» Exercise requirements
How many of the lines below include the word "drawing"? Only the number should be given.

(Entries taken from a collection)
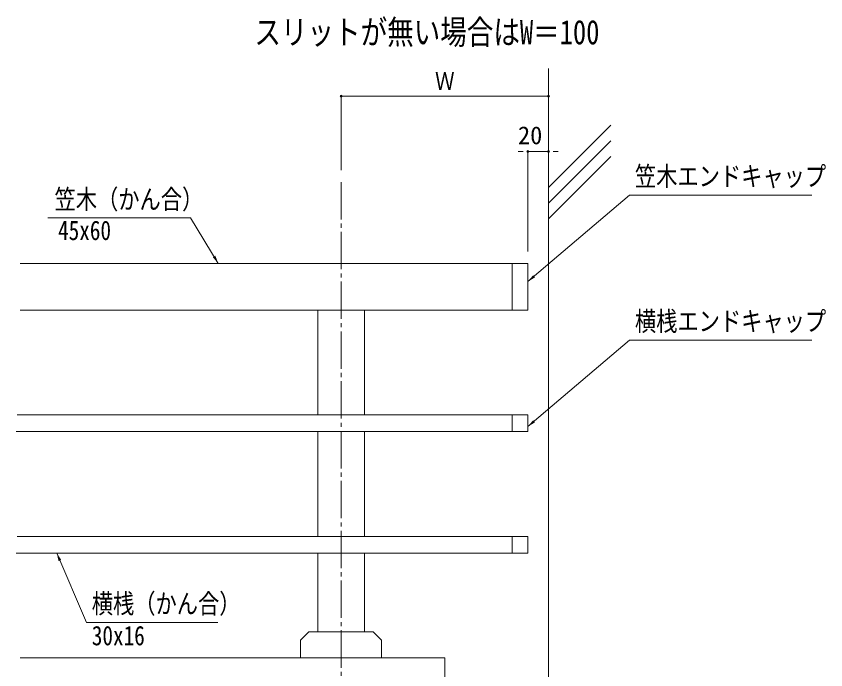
# Model space of a CAD drawing. Units: millimetres at full size; details may follow other scales. Extents: x -1603 to 1599, y -1129 to 1133.
# Drawn here: x -837 to -56, y -604 to 26 of the extents above; entities that cross this region are included whole.
import ezdxf
from ezdxf.enums import TextEntityAlignment as Align

# ---------------------------------------------------------------- set-up
doc = ezdxf.new("R2010")
doc.units = ezdxf.units.MM
doc.header["$LTSCALE"] = 4
doc.header["$PDMODE"] = 32
doc.header["$PDSIZE"] = 2
doc.linetypes.add('CHAIN2', pattern=[12, 9, -1, 1, -1])
for name, color, linetype, lineweight in [('0-0_アンカー', 4, 'Continuous', 9), ('0-1_1手摺寸法', 3, 'Continuous', 18), ('0-3_2躯体線', 4, 'Continuous', 9), ('0-4_3中心線', 2, 'CHAIN2', 18), ('0-7_6ﾊｯﾁﾝｸﾞ', 4, 'Continuous', 9)]:
    doc.layers.add(name, color=color, linetype=linetype, lineweight=lineweight)
doc.styles.add('ＭＳ ゴシック', font='')
doc.styles.get('ＭＳ ゴシック').set_extended_font_data('MS Gothic')

msp = doc.modelspace()

# ---------------------------------------------------------------- linework, layer by layer
at = {"layer": '0-0_アンカー'}
for p, q in [((-343.417, -212.557), (-832.813, -212.557)), ((-358.417, -212.557), (-358.417, -257.557)), ((-343.417, -212.557), (-343.417, -257.557)), ((-343.417, -257.557), (-832.813, -257.557)), ((-545.917, -358.558), (-545.917, -257.557)), ((-500.917, -257.557), (-500.917, -358.558)), ((-835.826, -358.558), (-343.417, -358.558)), ((-358.417, -358.558), (-358.417, -374.558)), ((-343.417, -358.558), (-343.417, -374.558)), ((-836.64, -374.558), (-343.417, -374.558)), ((-545.917, -475.561), (-545.917, -374.558)), ((-500.917, -374.558), (-500.917, -475.561)), ((-358.417, -475.561), (-358.417, -491.561)), ((-836.64, -491.561), (-343.417, -491.561)), ((-545.917, -567.557), (-545.917, -491.561)), ((-500.917, -491.561), (-500.917, -567.557)), ((-554.417, -567.557), (-562.417, -575.557)), ((-492.417, -567.557), (-554.417, -567.557)), ((-562.417, -575.557), (-562.417, -592.557)), ((-562.417, -592.557), (-484.417, -592.557))]:
    msp.add_line(p, q, dxfattribs=at)
for points in [[(-343.417, -230.055), (-245.337, -146.858), (-69.44, -146.858)], [(-641.779, -212.557), (-668.64, -168.458), (-806.183, -168.458)], [(-343.417, -369.752), (-245.337, -286.556), (-69.44, -286.556)], [(-835.826, -475.561), (-343.417, -475.561), (-343.417, -491.561)], [(-797.602, -491.561), (-768.799, -558.484), (-642.17, -558.484)], [(-484.417, -592.557), (-484.417, -575.557), (-492.417, -567.557)]]:
    msp.add_lwpolyline(points, dxfattribs=at)
for points in [[(-647.064, -206.551), (-644.691, -205.106), (-641.779, -212.557)], [(-338.308, -223.899), (-336.51, -226.018), (-343.417, -230.055)], [(-338.308, -363.597), (-336.51, -365.716), (-343.417, -369.752)], [(-793.211, -498.249), (-795.763, -499.347), (-797.602, -491.561)]]:
    msp.add_solid(points, dxfattribs=at)
at = {"layer": '0-1_1手摺寸法'}
for p, q in [((-323.417, -36.17), (-323.417, -51.333)), ((-523.417, -122.557), (-523.417, -51.333)), ((-323.417, -51.333), (-523.417, -51.333)), ((-518.817, -51.333), (-328.017, -51.333)), ((-348.017, -104.736), (-352.617, -104.736)), ((-343.417, -201.057), (-343.417, -104.736)), ((-343.417, -104.736), (-323.417, -104.736)), ((-323.417, -104.736), (-343.417, -104.736)), ((-318.817, -104.736), (-314.217, -104.736))]:
    msp.add_line(p, q, dxfattribs=at)
for p in [(-523.417, -51.333), (-323.417, -51.333), (-343.417, -104.736), (-323.417, -104.736)]:
    msp.add_point(p, dxfattribs=at)
at = {"layer": '0-3_2躯体線'}
for p, q in [((-323.417, -24.67), (-323.417, -818.299)), ((-423.417, -592.557), (-832.813, -592.557)), ((-423.417, -592.557), (-423.417, -818.299))]:
    msp.add_line(p, q, dxfattribs=at)
at = {"layer": '0-4_3中心線'}
msp.add_line((-523.417, -134.057), (-523.417, -717.557), dxfattribs=at)
at = {"layer": '0-7_6ﾊｯﾁﾝｸﾞ'}
for p, q in [((-263.417, -79.372), (-323.417, -139.372)), ((-263.417, -94.444), (-323.417, -154.444)), ((-263.417, -109.514), (-323.417, -169.514))]:
    msp.add_line(p, q, dxfattribs=at)

# ---------------------------------------------------------------- texts
at = {"layer": '0-0_アンカー', "style": 'ＭＳ ゴシック', "width": 0.8}
for s, height, p in [('スリットが無い場合はW＝100', 23.46, (-607.019, -8.382)), ('笠木エンドキャップ', 18.77, (-240.119, -143.515)), ('笠木（かん合）', 18.77, (-799.651, -165.707)), ('45x60', 18.77, (-796.278, -195.64)), ('横桟エンドキャップ', 18.77, (-240.119, -283.213)), ('横桟（かん合）', 18.77, (-763.746, -555.341)), ('30x16', 18.77, (-763.746, -586.139))]:
    msp.add_text(s, height=height, dxfattribs=at).set_placement(p, align=Align.BOTTOM_LEFT)
at = {"layer": '0-1_1手摺寸法', "color": 7, "style": 'ＭＳ ゴシック', "width": 0.8}
msp.add_text('Ｗ', height=17.27, dxfattribs=at).set_placement((-432.838, -50.514), align=Align.BOTTOM_LEFT)
at = {"layer": '0-1_1手摺寸法', "style": 'ＭＳ ゴシック'}
msp.add_text('20', height=17.27, dxfattribs=at).set_placement((-352.893, -102.848), align=Align.BOTTOM_LEFT)

doc.saveas('drawing.dxf')

» Exercise answer
2